In the 12-month-old age group, NAC treatment of WT mice led to prohibitin being significantly increased and cofilin 1 significantly decreased in brain. Prohibitin is localized to the inner mitochondrial membrane and is known to inhibit DNA synthesis, regulate the cell cycle, and be involved in apopotosis and aging [69]. Prohibitin has shown cellular defense against oxidative stress in epithelial cells [70–71] and decreases in expression as a function of cellular senescence in human and chicken fibroblasts [69]. Because prohibitin also has roles as a chaperone and participates in the assembly of subunits in the mitochondrial respiratory chain complex, this protein regulates mitochondrial respiratory activity and aging [72–73]. Elevated prohibitin expression following NAC may be helpful in delaying detrimental changes associated with mitochondrial respiration in aging by increasing the availability of components involved in the electron transport chain (ETC). Cofilin 1 is the non-muscle isoform of cofilins that constitute a major portion of actin rods and plays roles in actin depolymerization and polymerization. Taken together, the results suggest that NAC, which many persons use as an over-the-counter dietary supplement, can affect levels of brain proteins involved in metabolism, prevention of oxidative stress, mitochondrial function, and cytoskeletal integrity. Each of these processes could be important in slowing mitochondrial alterations associated with aging.

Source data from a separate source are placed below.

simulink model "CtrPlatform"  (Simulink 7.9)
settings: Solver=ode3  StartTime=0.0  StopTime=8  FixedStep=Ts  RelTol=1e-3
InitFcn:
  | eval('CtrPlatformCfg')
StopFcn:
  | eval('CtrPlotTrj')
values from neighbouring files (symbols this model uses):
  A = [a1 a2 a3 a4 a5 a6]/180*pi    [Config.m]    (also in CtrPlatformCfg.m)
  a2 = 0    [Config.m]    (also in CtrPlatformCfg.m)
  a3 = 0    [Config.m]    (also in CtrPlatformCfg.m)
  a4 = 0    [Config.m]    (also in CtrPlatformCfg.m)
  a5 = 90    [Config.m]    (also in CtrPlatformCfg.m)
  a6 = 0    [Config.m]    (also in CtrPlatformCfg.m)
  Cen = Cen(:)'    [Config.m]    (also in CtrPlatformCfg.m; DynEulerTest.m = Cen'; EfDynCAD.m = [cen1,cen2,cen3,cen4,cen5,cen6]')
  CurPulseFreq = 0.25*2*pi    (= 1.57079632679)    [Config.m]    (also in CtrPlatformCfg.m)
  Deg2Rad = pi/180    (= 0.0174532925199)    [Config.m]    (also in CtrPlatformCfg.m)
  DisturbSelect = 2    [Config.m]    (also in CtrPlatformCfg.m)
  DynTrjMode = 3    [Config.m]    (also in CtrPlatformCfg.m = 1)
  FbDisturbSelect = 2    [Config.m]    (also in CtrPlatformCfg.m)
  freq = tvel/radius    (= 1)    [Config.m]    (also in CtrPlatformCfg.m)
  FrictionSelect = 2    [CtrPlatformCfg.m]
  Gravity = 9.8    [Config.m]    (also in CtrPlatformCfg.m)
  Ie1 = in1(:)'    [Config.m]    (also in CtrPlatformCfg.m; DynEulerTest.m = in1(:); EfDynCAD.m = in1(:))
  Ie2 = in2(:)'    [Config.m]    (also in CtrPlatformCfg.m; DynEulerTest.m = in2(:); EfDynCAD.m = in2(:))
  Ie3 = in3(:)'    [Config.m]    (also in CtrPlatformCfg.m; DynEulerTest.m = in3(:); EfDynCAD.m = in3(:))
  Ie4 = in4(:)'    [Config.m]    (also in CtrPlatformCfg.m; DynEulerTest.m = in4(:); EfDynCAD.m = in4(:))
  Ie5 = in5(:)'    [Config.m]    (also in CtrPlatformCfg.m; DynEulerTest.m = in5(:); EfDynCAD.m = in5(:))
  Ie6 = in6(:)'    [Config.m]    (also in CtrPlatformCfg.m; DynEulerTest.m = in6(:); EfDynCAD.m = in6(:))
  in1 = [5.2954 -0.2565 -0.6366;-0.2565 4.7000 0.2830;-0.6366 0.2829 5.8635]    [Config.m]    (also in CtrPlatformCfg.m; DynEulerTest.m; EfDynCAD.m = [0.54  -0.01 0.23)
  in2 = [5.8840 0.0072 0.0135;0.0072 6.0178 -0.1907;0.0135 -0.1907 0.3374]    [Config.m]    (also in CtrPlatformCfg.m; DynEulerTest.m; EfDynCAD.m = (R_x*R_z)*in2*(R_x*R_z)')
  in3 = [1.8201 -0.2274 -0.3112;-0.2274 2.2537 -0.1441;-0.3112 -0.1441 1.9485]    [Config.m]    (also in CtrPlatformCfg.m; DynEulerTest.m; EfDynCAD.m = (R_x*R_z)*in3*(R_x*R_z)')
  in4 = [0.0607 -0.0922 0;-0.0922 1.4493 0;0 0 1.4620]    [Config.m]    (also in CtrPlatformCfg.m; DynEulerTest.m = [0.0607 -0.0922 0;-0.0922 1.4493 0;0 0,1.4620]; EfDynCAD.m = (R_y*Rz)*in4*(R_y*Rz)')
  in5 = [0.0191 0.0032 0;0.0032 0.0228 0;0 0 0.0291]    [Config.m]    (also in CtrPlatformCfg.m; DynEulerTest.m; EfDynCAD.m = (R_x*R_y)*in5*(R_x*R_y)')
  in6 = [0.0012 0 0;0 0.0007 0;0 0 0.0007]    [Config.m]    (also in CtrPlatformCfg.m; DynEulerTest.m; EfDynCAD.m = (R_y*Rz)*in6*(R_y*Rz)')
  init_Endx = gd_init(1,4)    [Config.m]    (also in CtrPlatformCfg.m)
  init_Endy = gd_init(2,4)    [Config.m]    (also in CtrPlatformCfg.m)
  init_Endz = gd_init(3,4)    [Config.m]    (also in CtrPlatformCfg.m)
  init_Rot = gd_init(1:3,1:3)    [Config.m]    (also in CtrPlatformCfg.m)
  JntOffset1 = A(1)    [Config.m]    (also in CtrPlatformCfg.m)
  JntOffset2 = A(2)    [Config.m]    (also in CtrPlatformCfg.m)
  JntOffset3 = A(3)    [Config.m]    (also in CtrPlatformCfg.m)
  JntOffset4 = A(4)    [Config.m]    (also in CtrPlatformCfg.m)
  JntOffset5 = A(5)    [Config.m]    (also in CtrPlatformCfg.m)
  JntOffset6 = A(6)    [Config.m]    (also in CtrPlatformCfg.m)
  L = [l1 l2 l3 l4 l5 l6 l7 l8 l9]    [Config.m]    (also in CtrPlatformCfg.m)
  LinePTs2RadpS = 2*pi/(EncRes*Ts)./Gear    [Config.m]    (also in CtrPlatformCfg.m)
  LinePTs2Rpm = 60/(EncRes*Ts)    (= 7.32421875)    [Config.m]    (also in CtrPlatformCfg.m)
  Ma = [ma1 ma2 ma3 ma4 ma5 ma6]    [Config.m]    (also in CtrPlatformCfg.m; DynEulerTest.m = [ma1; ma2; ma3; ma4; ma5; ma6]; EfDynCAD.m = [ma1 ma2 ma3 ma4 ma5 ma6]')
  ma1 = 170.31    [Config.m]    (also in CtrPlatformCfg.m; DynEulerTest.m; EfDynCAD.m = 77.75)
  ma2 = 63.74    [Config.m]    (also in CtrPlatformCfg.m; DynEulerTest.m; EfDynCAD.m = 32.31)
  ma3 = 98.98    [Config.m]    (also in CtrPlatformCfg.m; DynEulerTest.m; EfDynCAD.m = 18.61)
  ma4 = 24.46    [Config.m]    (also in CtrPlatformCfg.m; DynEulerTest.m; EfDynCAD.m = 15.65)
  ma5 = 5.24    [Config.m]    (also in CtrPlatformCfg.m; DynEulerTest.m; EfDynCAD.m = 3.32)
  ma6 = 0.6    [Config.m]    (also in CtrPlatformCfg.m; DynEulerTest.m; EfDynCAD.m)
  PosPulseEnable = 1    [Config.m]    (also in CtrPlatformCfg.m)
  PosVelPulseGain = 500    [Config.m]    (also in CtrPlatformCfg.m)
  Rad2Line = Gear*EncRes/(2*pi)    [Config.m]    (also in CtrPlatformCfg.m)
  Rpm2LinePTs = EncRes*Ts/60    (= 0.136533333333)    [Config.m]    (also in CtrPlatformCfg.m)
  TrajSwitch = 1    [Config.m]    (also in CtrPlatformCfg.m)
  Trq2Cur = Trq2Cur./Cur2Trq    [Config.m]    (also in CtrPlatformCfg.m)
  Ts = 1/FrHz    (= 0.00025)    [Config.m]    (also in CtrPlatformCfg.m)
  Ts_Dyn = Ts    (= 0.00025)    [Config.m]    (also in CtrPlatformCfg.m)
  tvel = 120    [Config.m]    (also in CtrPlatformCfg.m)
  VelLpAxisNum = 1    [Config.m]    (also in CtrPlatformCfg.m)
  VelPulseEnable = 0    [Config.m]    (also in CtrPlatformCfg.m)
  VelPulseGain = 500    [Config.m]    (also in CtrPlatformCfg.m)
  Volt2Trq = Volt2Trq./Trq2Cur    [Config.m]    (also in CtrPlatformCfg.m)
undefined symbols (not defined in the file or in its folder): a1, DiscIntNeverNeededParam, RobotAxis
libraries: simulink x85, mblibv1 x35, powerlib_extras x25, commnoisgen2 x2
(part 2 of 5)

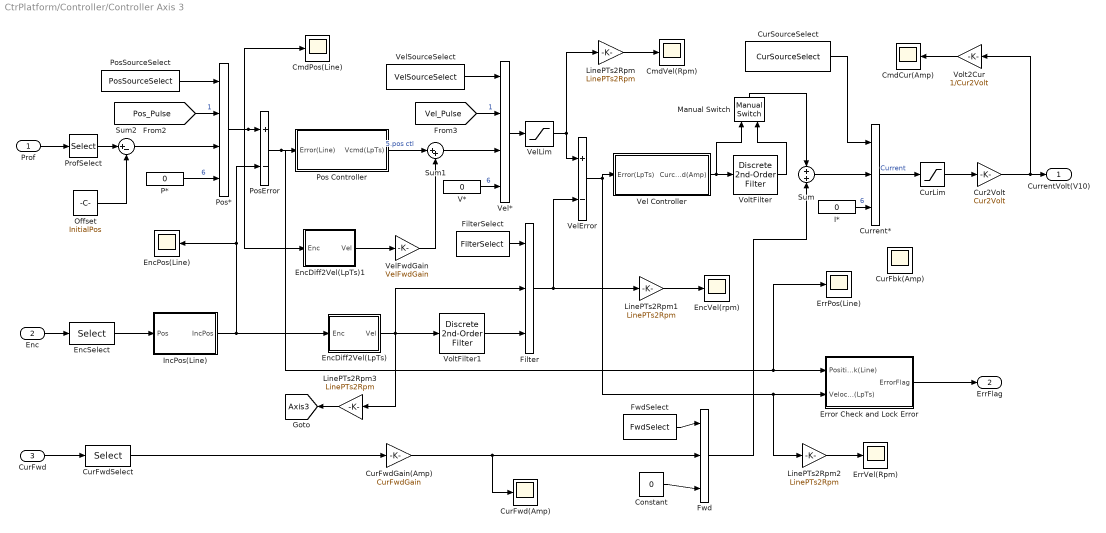
== system CtrPlatform/Controller/Controller Axis 3 ==
  Prof : Inport
  Enc : Inport  Port=2
  CurFwd : Inport  Port=3
  CmdCur(Amp) : Scope
      settings: SaveName=ScopeData42
  CmdPos(Line) : Scope
      settings: SaveName=ScopeData40
  CmdVel(Rpm) : Scope
      settings: SaveName=ScopeData39
  Constant : Constant  Value=0
  Cur2Volt : Gain  Gain=Cur2Volt  SampleTime=Ts
  CurFbk(Amp) : Scope
      settings: SaveName=ScopeData27
  CurFwd(Amp) : Scope
      settings: TimeRange=5  YMin=-600  YMax=600  SaveName=ScopeData14
  CurFwdGain(Amp) : Gain  Gain=CurFwdGain
  CurFwdSelect : Selector  InputPortWidth=6  IndexOptions=Index vector (dialog)  Indices=AxisNO  OutputSizes=1
  CurLim : Saturate  UpperLimit=CurLimit  LowerLimit=-CurLimit  SampleTime=Ts
  CurSourceSelect : Constant  Value=CurSourceSelect  SampleTime=Ts
  Current* : MultiPortSwitch  Inputs=2  zeroidx=off
  EncDiff2Vel(LpTs) : Subsystem
  EncDiff2Vel(LpTs)1 : Subsystem
  EncPos(Line) : Scope
      settings: SaveName=ScopeData41
  "EncSelect " : Selector  InputPortWidth=6  IndexOptions=Index vector (dialog)  Indices=AxisNO  OutputSizes=1
  EncVel(rpm) : Scope
      settings: SaveName=ScopeData43
  ErrPos(Line) : Scope
      settings: SaveName=ScopeData44
  ErrVel(Rpm) : Scope
      settings: SaveName=ScopeData45
  Error Check and Lock Error : Subsystem
  Filter : MultiPortSwitch  Inputs=2  zeroidx=off
  FilterSelect : Constant  Value=FilterSelect  SampleTime=Ts
  Fwd : MultiPortSwitch  Inputs=2  zeroidx=off
  FwdSelect : Constant  Value=FwdSelect  SampleTime=Ts
  I* : Constant  Value=0  SampleTime=Ts
  IncPos(Line) : Subsystem
  LinePTs2Rpm{,1..3} (4 alike) : Gain  Gain=LinePTs2Rpm
  Manual Switch : simulink/Signal Routing/Manual Switch  sw=1  action=0  varsize=off
  Offset : Constant  Value=InitialPos  SampleTime=-1
  P* : Constant  Value=0  SampleTime=Ts
  Pos Controller : Subsystem  mask{Kp=Kpp, Ki=Kpi, Kd=Kpd, Ts=Ts}
      mask prompts: Ts "Sample Time"
  Pos* : MultiPortSwitch  zeroidx=off
  PosError : Sum  Inputs=+-
  PosSourceSelect : Constant  Value=PosSourceSelect  SampleTime=Ts
  ProfSelect : Selector  InputPortWidth=6  IndexOptions=Index vector (dialog)  Indices=AxisNO  OutputSizes=1
  Sum : Sum  Inputs=+|+
  Sum1 : Sum  Inputs=|++
  Sum2 : Sum  Inputs=|+-
  V* : Constant  Value=0  SampleTime=Ts
  Vel Controller : Subsystem  mask{Kp=Kvp, Ki=Kvi, Kd=Kvd, Ts=Ts}
      mask prompts: Ts "Sample Time"
  Vel* : MultiPortSwitch  zeroidx=off
  VelError : Sum  Inputs=+-
  VelFwdGain : Gain  Gain=VelFwdGain
  VelLim : Saturate  UpperLimit=VelLimit  LowerLimit=-VelLimit  SampleTime=Ts
  VelSourceSelect : Constant  Value=VelSourceSelect  SampleTime=Ts
  Volt2Cur : Gain  Gain=1/Cur2Volt  SampleTime=Ts
  VoltFilter : powerlib_extras/Discrete  Control Blocks/Discrete  2nd-Order Filter  FilterType=Lowpass  Fo=200  Zeta=0.707  Ts=Ts  Initialize=off  Vac_Init=[0.8 -25 60]  Vdc_Init=-0.4  PlotResponse=off  param1=[1 500 1]
  VoltFilter1 : powerlib_extras/Discrete  Control Blocks/Discrete  2nd-Order Filter  FilterType=Lowpass  Fo=200  Zeta=0.707  Ts=Ts  Initialize=off  Vac_Init=[0.8 -25 60]  Vdc_Init=-0.4  PlotResponse=off  param1=[1 500 1]
  CurrentVolt(V10) : Outport
  ErrFlag : Outport  Port=2
  tag scope: Axis3=global
  wires:
  I*/1 -> Current*/3  "6"
  EncDiff2Vel(LpTs)1/1(Vel) -> VelFwdGain/1
  VelFwdGain/1 -> Sum1/2
  Volt2Cur/1 -> CmdCur(Amp)/1
  LinePTs2Rpm2/1 -> ErrVel(Rpm)/1
  LinePTs2Rpm1/1 -> EncVel(rpm)/1
  LinePTs2Rpm/1 -> CmdVel(Rpm)/1
  Cur2Volt/1 -> Volt2Cur/1, CurrentVolt(V10)/1
  CurLim/1 -> Cur2Volt/1
  VelLim/1 -> LinePTs2Rpm/1, VelError/1
  Sum1/1 -> Vel*/3
  Pos Controller/1(Vcmd(LpTs)) -> Sum1/1  "5.pos ctl"
  CurFwdGain(Amp)/1 -> CurFwd(Amp)/1, Fwd/2
  CurFwdSelect/1 -> CurFwdGain(Amp)/1
  CurFwd/1 -> CurFwdSelect/1
  V*/1 -> Vel*/4  "6"
  [Pos_Pulse] -> Pos*/2  "1"
  P*/1 -> Pos*/4  "6"
  [Vel_Pulse] -> Vel*/2  "1"
  Pos*/1 -> PosError/1, EncDiff2Vel(LpTs)1/1(Enc), CmdPos(Line)/1
  PosSourceSelect/1 -> Pos*/1
  Vel*/1 -> VelLim/1
  "EncSelect "/1 -> IncPos(Line)/1(Pos)
  Enc/1 -> "EncSelect "/1
  Prof/1 -> ProfSelect/1
  EncDiff2Vel(LpTs)/1(Vel) -> VoltFilter1/1, Filter/2, LinePTs2Rpm3/1
  VelError/1 -> LinePTs2Rpm2/1, Error Check and Lock Error/2(VelocityCheck(LpTs)), Vel Controller/1(Error(LpTs))
  VelSourceSelect/1 -> Vel*/1
  CurSourceSelect/1 -> Current*/1
  PosError/1 -> ErrPos(Line)/1, Error Check and Lock Error/1(PositionCheck(Line)), Pos Controller/1(Error(Line))
  Current*/1 -> CurLim/1  "Current"
  Error Check and Lock Error/1(ErrorFlag) -> ErrFlag/1
  IncPos(Line)/1(IncPos) -> EncPos(Line)/1, PosError/2, EncDiff2Vel(LpTs)/1(Enc)
  ProfSelect/1 -> Sum2/1
  Sum2/1 -> Pos*/3
  Offset/1 -> Sum2/2
  Vel Controller/1(Curcmd(Amp)) -> VoltFilter/1, Manual Switch/1
  VoltFilter/1 -> Manual Switch/2
  Manual Switch/1 -> Sum/1
  Sum/1 -> Current*/2
  Fwd/1 -> Sum/2
  VoltFilter1/1 -> Filter/3
  Filter/1 -> VelError/2, LinePTs2Rpm1/1
  FilterSelect/1 -> Filter/1
  Constant/1 -> Fwd/3
  FwdSelect/1 -> Fwd/1
  LinePTs2Rpm3/1 -> [Axis3]

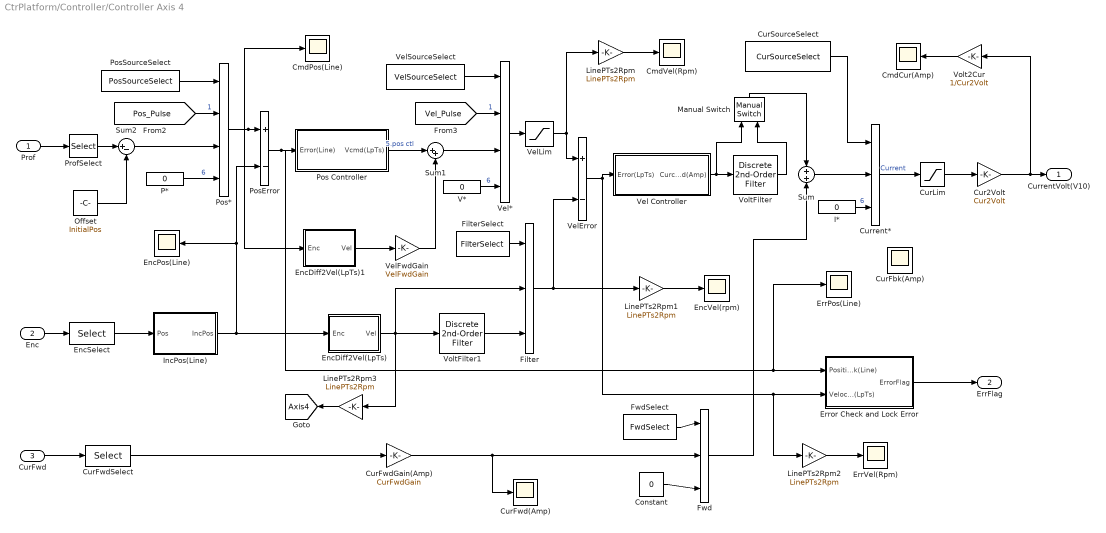
== system CtrPlatform/Controller/Controller Axis 4 ==
  Prof : Inport
  Enc : Inport  Port=2
  CurFwd : Inport  Port=3
  CmdCur(Amp) : Scope
      settings: SaveName=ScopeData42
  CmdPos(Line) : Scope
      settings: SaveName=ScopeData40
  CmdVel(Rpm) : Scope
      settings: SaveName=ScopeData39
  Constant : Constant  Value=0
  Cur2Volt : Gain  Gain=Cur2Volt  SampleTime=Ts
  CurFbk(Amp) : Scope
      settings: SaveName=ScopeData27
  CurFwd(Amp) : Scope
      settings: TimeRange=5  YMin=-600  YMax=600  SaveName=ScopeData14
  CurFwdGain(Amp) : Gain  Gain=CurFwdGain
  CurFwdSelect : Selector  InputPortWidth=6  IndexOptions=Index vector (dialog)  Indices=AxisNO  OutputSizes=1
  CurLim : Saturate  UpperLimit=CurLimit  LowerLimit=-CurLimit  SampleTime=Ts
  CurSourceSelect : Constant  Value=CurSourceSelect  SampleTime=Ts
  Current* : MultiPortSwitch  Inputs=2  zeroidx=off
  EncDiff2Vel(LpTs) : Subsystem
  EncDiff2Vel(LpTs)1 : Subsystem
  EncPos(Line) : Scope
      settings: SaveName=ScopeData41
  "EncSelect " : Selector  InputPortWidth=6  IndexOptions=Index vector (dialog)  Indices=AxisNO  OutputSizes=1
  EncVel(rpm) : Scope
      settings: SaveName=ScopeData43
  ErrPos(Line) : Scope
      settings: SaveName=ScopeData44
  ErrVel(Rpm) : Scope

Examining the proteomes of WT and APP/PS-1 mice given drinking water prior to (i.e., 9 months) and after (i.e., 12 months) periods of significant Aβ(1–42) deposition revealed several altered brain proteins involved in energy production, cell signaling, defense systems, excitotoxicity, synapse-related, cellular structure, and mitochondria in APP/PS-1 mice. In vivo NAC treatment for 5 months has been reported to provide protection against oxidative stress in brain of APP/PS-1 human double mutant knock-in mice at 9 and 12 months of age, consistent with the notion that NAC has potential to be a therapeutic approach for both MCI and AD [21]. NAC provides protection against oxidative stress because it acts as a free radical scavenger directly and increases endogenous GSH levels. Our results show that NAC alters the expression levels of some proteins in the brain proteomes of WT and APP/PS-1 mice. It is possible larger numbers of proteins affected by NAC may be detectable in specific cell types or tissues (e.g., hippocampus and/or cortex) and global effects in brain are minimized in these studies. Studies of this nature and others that investigate the possibility for NAC as a potential therapeutic approach in MCI and AD are strongly suggested and are currently ongoing in our laboratory.